# Yes the sensor to switch to the viewfinder is annoyingly overly sensitive, no I don't want Canon to change it



## Kit Lens Jockey (Nov 11, 2018)

I've seen a lot of complaints about Canon making the sensor that automatically switches over to the EVF too sensitive. I completely agree. It annoyingly switches over to the EVF at times if anything gets near it. But I absolutely don't want Canon to change it.

If you notice, when you put your eye up to the EVF, there is very little lag in switching over to the EVF. As soon as your eye gets up to it, it's seemingly on. This is great. It reduces the chance of missing a shot waiting for the camera to switch over to the EVF.

Realize that dumbing down the sensitivity of the sensor would result in the camera not switching over to the EVF until your eye was that much closer to the EVF, thereby causing there to be a lag when switching over to the EVF. As annoying as the overly sensitive sensor is, I think it would be ten times more annoying to put the viewfinder up to your eye and have to stare at a black screen for a second while the camera switches over to the EVF. By making the sensor sense objects further away from the sensor, Canon has effectively given the camera a head start in switching over to the EVF, ensuring that by the time your eye is actually at the viewfinder ready to take a photo, the EVF is turned on.


----------



## Mt Spokane Photography (Nov 11, 2018)

I think that what is needed is the ability for the user to adjust it, it switches even when I'm trying to use touch functions on the screen. Not often, just enough to be a bother. I don't think the current one size fits all is as good as it should be.

This is likely something they will reserve for higher end models. I expect there is a matrix of features at Canon, and which model gets what.


----------



## dak723 (Nov 11, 2018)

I think it is similar to the M series cameras, and my Olympus is the same. One of the traits of mirrorless that you end up getting used to (hopefully).


----------



## Viggo (Nov 12, 2018)

If they were to divide info between EVF and screen it would also work better. Menu and review/play on the screen and shooting from the EVF.


----------



## Talys (Nov 12, 2018)

I've said this about Sony A7R3, and I'll say the same about Canon R. I wish there were a way to be more DSLRish, battery life be damned:

When I hit a button or switch, the EVF becomes ALWAYS ON, just like an OVF. Ideally, it could have a sleep setting, so that I could set it to 15 or 30 minutes, but really, I want the EVF to always be showing what's coming through the lens, even if my eye isn't against it at all. This would give me zero lag when I need it, like for BIF, and even when my eye isn't against the VF, I can still tell if the camera's pointed at blue sky or a bunch of trees. 

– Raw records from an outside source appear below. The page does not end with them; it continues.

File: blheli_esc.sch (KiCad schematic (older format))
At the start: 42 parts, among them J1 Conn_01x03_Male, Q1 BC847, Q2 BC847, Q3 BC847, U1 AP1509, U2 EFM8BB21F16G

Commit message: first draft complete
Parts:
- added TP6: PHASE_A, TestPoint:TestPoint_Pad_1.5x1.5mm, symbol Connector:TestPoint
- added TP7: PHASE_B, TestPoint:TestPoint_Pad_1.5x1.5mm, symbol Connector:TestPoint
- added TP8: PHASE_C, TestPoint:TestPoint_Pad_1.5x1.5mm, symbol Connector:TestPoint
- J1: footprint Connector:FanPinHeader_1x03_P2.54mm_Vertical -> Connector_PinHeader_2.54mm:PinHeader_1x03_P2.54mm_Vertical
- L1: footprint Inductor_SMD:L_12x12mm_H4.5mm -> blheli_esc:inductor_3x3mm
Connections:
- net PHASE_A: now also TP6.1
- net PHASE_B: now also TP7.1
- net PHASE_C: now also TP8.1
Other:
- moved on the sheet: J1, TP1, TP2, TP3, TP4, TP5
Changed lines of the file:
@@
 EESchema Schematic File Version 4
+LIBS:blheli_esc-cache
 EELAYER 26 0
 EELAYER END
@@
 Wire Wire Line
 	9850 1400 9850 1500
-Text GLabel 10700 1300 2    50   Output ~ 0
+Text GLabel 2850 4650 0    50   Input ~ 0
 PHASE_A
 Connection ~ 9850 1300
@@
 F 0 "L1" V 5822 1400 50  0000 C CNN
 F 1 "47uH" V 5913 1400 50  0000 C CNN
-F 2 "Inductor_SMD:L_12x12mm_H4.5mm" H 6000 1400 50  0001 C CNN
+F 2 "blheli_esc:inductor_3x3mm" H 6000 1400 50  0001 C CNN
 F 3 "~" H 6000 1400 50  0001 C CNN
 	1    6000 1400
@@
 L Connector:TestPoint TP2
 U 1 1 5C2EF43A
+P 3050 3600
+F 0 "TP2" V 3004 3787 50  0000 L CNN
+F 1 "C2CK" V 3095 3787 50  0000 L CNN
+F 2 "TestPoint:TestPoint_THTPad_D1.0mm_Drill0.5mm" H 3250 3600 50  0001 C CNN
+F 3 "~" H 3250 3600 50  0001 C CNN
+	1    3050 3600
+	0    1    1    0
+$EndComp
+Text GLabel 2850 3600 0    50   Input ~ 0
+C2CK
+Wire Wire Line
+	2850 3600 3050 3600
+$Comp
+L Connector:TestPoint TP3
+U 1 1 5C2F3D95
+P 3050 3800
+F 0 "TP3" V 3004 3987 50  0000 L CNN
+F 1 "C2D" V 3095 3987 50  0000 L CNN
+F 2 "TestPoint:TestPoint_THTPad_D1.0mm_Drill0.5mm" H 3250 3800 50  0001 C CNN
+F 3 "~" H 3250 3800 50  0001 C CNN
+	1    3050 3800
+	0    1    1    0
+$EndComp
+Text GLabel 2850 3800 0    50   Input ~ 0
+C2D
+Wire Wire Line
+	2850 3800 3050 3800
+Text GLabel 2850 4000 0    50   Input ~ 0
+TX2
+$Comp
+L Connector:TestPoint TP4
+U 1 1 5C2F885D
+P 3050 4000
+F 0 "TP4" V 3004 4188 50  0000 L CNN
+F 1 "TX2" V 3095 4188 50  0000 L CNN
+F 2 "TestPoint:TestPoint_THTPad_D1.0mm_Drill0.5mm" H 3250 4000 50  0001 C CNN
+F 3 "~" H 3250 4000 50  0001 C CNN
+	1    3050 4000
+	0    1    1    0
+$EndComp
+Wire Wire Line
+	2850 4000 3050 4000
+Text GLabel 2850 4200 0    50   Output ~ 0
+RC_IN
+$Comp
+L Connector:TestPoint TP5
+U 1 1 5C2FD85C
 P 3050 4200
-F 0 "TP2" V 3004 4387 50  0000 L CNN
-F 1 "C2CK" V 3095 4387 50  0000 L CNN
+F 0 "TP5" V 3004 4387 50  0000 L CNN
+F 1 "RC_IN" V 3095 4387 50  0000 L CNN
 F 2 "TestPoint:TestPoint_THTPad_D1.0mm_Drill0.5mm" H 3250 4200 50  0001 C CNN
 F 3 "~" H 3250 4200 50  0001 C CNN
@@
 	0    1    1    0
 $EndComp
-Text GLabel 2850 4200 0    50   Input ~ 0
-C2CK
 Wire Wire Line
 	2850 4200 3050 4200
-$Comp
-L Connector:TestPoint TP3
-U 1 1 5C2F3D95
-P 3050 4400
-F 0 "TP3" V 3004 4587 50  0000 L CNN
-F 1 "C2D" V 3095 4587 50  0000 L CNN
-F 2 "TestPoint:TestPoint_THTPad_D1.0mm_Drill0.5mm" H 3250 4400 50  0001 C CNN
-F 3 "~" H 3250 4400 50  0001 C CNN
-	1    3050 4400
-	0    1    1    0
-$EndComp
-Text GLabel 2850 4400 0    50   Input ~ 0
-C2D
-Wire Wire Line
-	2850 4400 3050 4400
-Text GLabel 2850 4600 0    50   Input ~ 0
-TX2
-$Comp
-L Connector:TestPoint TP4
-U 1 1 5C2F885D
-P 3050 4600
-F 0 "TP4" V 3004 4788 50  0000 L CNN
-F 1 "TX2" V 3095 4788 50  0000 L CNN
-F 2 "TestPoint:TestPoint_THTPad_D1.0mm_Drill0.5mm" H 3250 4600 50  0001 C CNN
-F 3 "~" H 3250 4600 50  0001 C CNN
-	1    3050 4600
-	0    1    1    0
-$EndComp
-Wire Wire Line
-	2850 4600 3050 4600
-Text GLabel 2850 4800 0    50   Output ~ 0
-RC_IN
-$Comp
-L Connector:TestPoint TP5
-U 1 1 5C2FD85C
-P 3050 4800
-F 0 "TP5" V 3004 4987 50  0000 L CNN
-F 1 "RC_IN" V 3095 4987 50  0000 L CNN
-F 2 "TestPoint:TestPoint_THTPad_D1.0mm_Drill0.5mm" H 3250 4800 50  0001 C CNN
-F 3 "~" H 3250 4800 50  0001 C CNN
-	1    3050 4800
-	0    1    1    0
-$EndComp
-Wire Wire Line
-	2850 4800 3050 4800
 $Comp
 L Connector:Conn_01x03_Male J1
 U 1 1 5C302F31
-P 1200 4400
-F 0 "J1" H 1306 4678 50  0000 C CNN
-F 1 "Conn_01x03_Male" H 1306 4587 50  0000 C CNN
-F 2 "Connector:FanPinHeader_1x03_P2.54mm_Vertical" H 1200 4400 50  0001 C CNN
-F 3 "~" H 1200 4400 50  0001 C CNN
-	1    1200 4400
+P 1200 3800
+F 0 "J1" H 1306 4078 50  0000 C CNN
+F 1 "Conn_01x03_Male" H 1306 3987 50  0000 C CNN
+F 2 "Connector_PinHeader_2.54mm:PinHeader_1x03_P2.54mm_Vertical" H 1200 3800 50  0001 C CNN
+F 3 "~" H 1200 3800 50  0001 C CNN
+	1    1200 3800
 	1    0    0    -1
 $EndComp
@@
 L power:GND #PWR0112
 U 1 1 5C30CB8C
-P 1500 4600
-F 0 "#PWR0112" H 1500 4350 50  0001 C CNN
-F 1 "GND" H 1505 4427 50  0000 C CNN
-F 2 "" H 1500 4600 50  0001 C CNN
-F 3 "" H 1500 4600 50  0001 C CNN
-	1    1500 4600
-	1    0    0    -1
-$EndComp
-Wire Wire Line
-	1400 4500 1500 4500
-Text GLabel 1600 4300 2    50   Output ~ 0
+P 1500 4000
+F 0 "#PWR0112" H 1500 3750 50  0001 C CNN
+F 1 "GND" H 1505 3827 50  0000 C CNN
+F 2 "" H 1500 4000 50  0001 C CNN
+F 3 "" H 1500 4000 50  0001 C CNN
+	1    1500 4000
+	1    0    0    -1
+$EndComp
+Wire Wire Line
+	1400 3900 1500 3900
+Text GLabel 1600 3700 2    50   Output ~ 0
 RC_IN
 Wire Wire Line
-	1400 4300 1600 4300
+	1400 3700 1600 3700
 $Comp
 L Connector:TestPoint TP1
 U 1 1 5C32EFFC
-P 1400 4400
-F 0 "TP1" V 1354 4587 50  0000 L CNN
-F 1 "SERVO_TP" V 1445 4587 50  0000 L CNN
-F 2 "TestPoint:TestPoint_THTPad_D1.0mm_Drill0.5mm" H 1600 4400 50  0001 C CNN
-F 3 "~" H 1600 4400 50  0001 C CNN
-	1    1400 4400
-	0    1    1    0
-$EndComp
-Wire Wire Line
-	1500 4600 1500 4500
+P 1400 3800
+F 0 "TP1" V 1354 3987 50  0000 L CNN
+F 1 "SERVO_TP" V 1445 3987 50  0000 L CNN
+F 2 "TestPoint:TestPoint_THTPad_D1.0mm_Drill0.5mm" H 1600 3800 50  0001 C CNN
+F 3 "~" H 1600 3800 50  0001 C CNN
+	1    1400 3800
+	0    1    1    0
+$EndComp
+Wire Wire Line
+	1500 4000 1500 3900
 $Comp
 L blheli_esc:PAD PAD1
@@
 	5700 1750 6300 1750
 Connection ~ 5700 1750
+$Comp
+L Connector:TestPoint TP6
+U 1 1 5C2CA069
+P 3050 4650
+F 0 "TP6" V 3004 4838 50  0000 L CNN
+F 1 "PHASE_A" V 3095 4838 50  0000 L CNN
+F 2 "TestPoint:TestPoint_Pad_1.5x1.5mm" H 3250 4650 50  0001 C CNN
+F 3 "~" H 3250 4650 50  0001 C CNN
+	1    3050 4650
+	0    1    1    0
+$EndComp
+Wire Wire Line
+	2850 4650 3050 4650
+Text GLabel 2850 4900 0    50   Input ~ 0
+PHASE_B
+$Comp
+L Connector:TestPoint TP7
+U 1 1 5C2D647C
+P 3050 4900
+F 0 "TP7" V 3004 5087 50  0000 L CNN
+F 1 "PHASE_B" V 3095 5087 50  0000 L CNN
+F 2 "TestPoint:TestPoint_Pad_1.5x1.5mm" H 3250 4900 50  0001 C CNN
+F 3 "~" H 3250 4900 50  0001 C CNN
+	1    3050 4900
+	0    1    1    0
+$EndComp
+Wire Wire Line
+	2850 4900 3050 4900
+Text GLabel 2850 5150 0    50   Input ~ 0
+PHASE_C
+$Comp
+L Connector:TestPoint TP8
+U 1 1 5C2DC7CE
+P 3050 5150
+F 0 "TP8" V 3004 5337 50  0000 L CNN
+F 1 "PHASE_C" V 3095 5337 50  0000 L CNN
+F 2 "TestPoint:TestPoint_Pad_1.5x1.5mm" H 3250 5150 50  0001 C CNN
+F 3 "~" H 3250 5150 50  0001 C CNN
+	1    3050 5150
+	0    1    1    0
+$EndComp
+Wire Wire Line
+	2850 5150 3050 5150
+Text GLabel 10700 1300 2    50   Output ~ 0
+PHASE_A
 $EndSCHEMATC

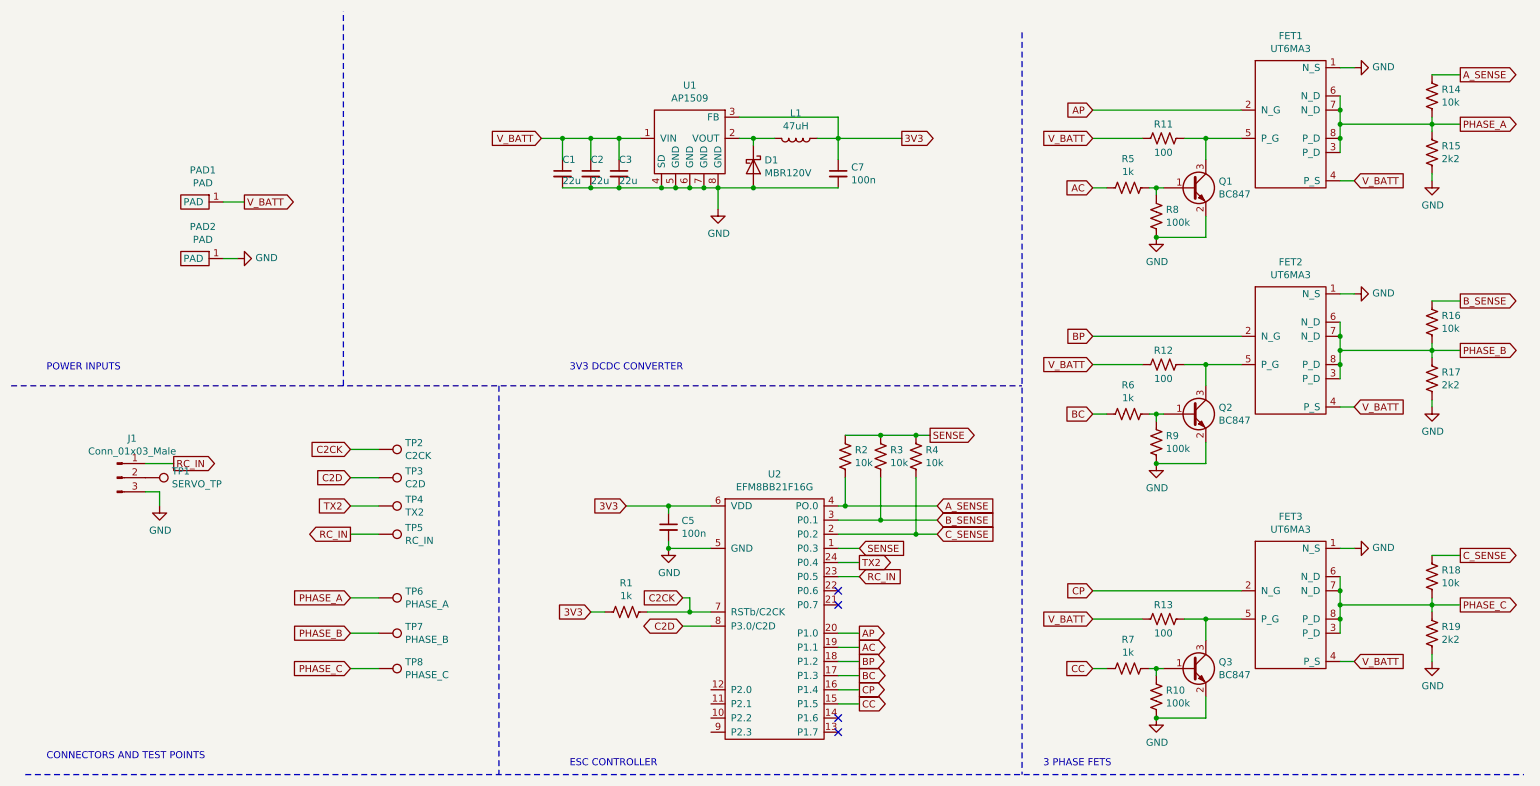
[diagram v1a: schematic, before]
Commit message: fixed voltage divider bug
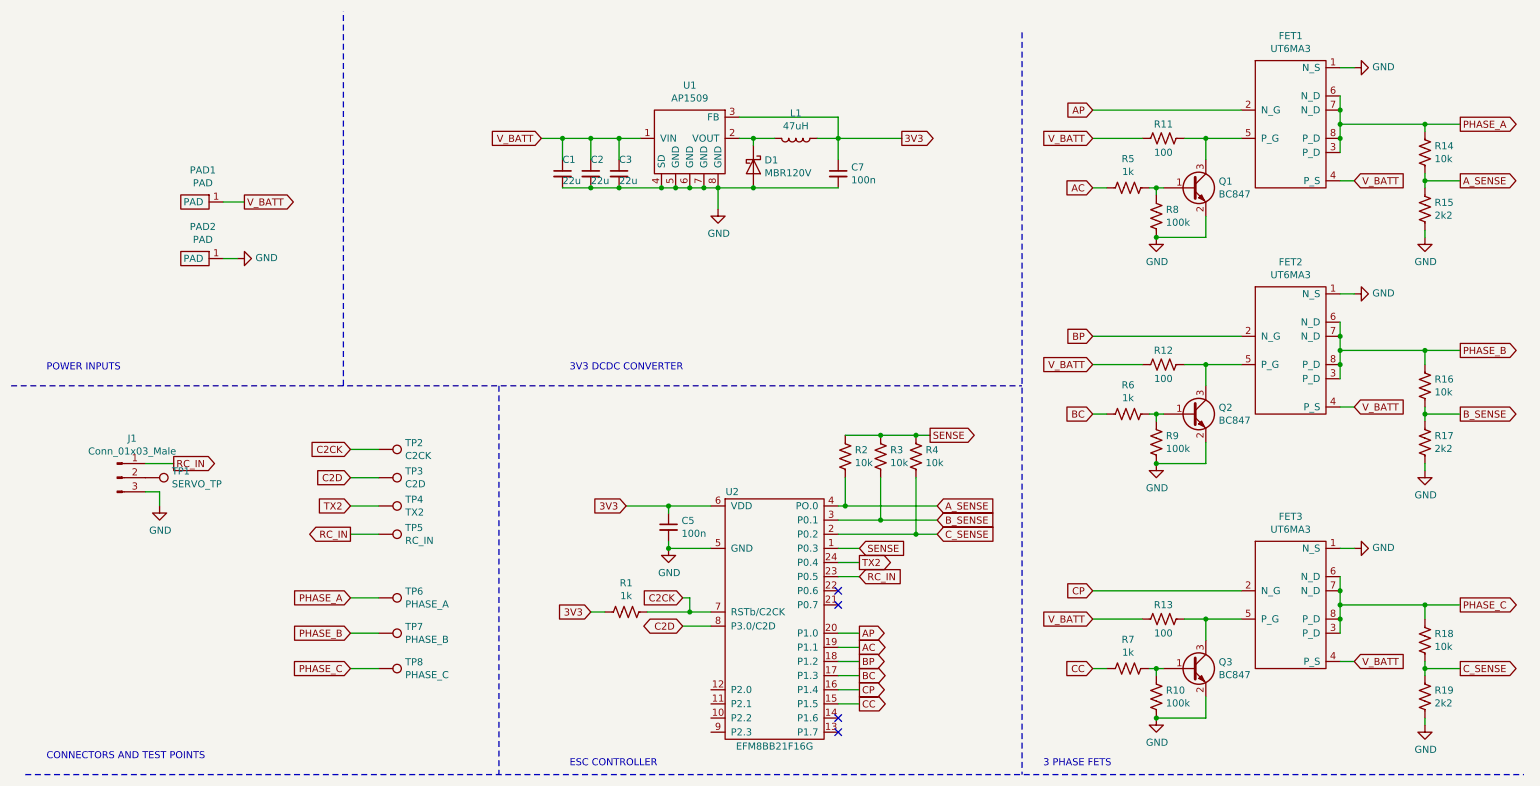
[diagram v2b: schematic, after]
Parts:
- U2: footprint Package_SO:QSOP-24_3.9x8.7mm_P0.635mm -> (none)
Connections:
- net A_SENSE: now also R14.1, R15.2; no longer R14.2
- net B_SENSE: now also R16.1, R17.2; no longer R16.2
- net C_SENSE: now also R18.1, R19.2; no longer R18.2
- net PHASE_A: now also R14.2; no longer R14.1, R15.2
- net PHASE_B: now also R16.2; no longer R16.1, R17.2
- net PHASE_C: now also R18.2; no longer R18.1, R19.2
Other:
- moved on the sheet: R14, R15, R16, R17, R18, R19
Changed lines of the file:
@@
 U 1 1 5C2A88F0
 P 5850 4800
-F 0 "U2" H 5850 5825 50  0000 C CNN
-F 1 "EFM8BB21F16G" H 5850 5734 50  0000 C CNN
-F 2 "Package_SO:QSOP-24_3.9x8.7mm_P0.635mm" H 5950 4800 50  0001 C CNN
+F 0 "U2" H 5550 5700 50  0000 C CNN
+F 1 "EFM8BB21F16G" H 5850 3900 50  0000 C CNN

For the rear LCD, I wish it could be be programmable to always on, always off (less important with R, because you can just flip it around), or hide when eye is against VF. And, of course, you should be able to make the LCD work like a DSLR, showing menus or Q, and picture review, but not liveview. It would be very nice if the rear LCD could be programmed to a few more useful things, like always show level (only) and always show histogram (only).


----------



## jolyonralph (Nov 12, 2018)

It would be nice if the switch from back screen to EVF could automatically be disabled if the tilty-flippy screen is out and tilty flipped, otherwise if you keep the camera near your body the screen blanks out.

however, the Sony A7RII is WAY more sensitive than the CAnon is.


----------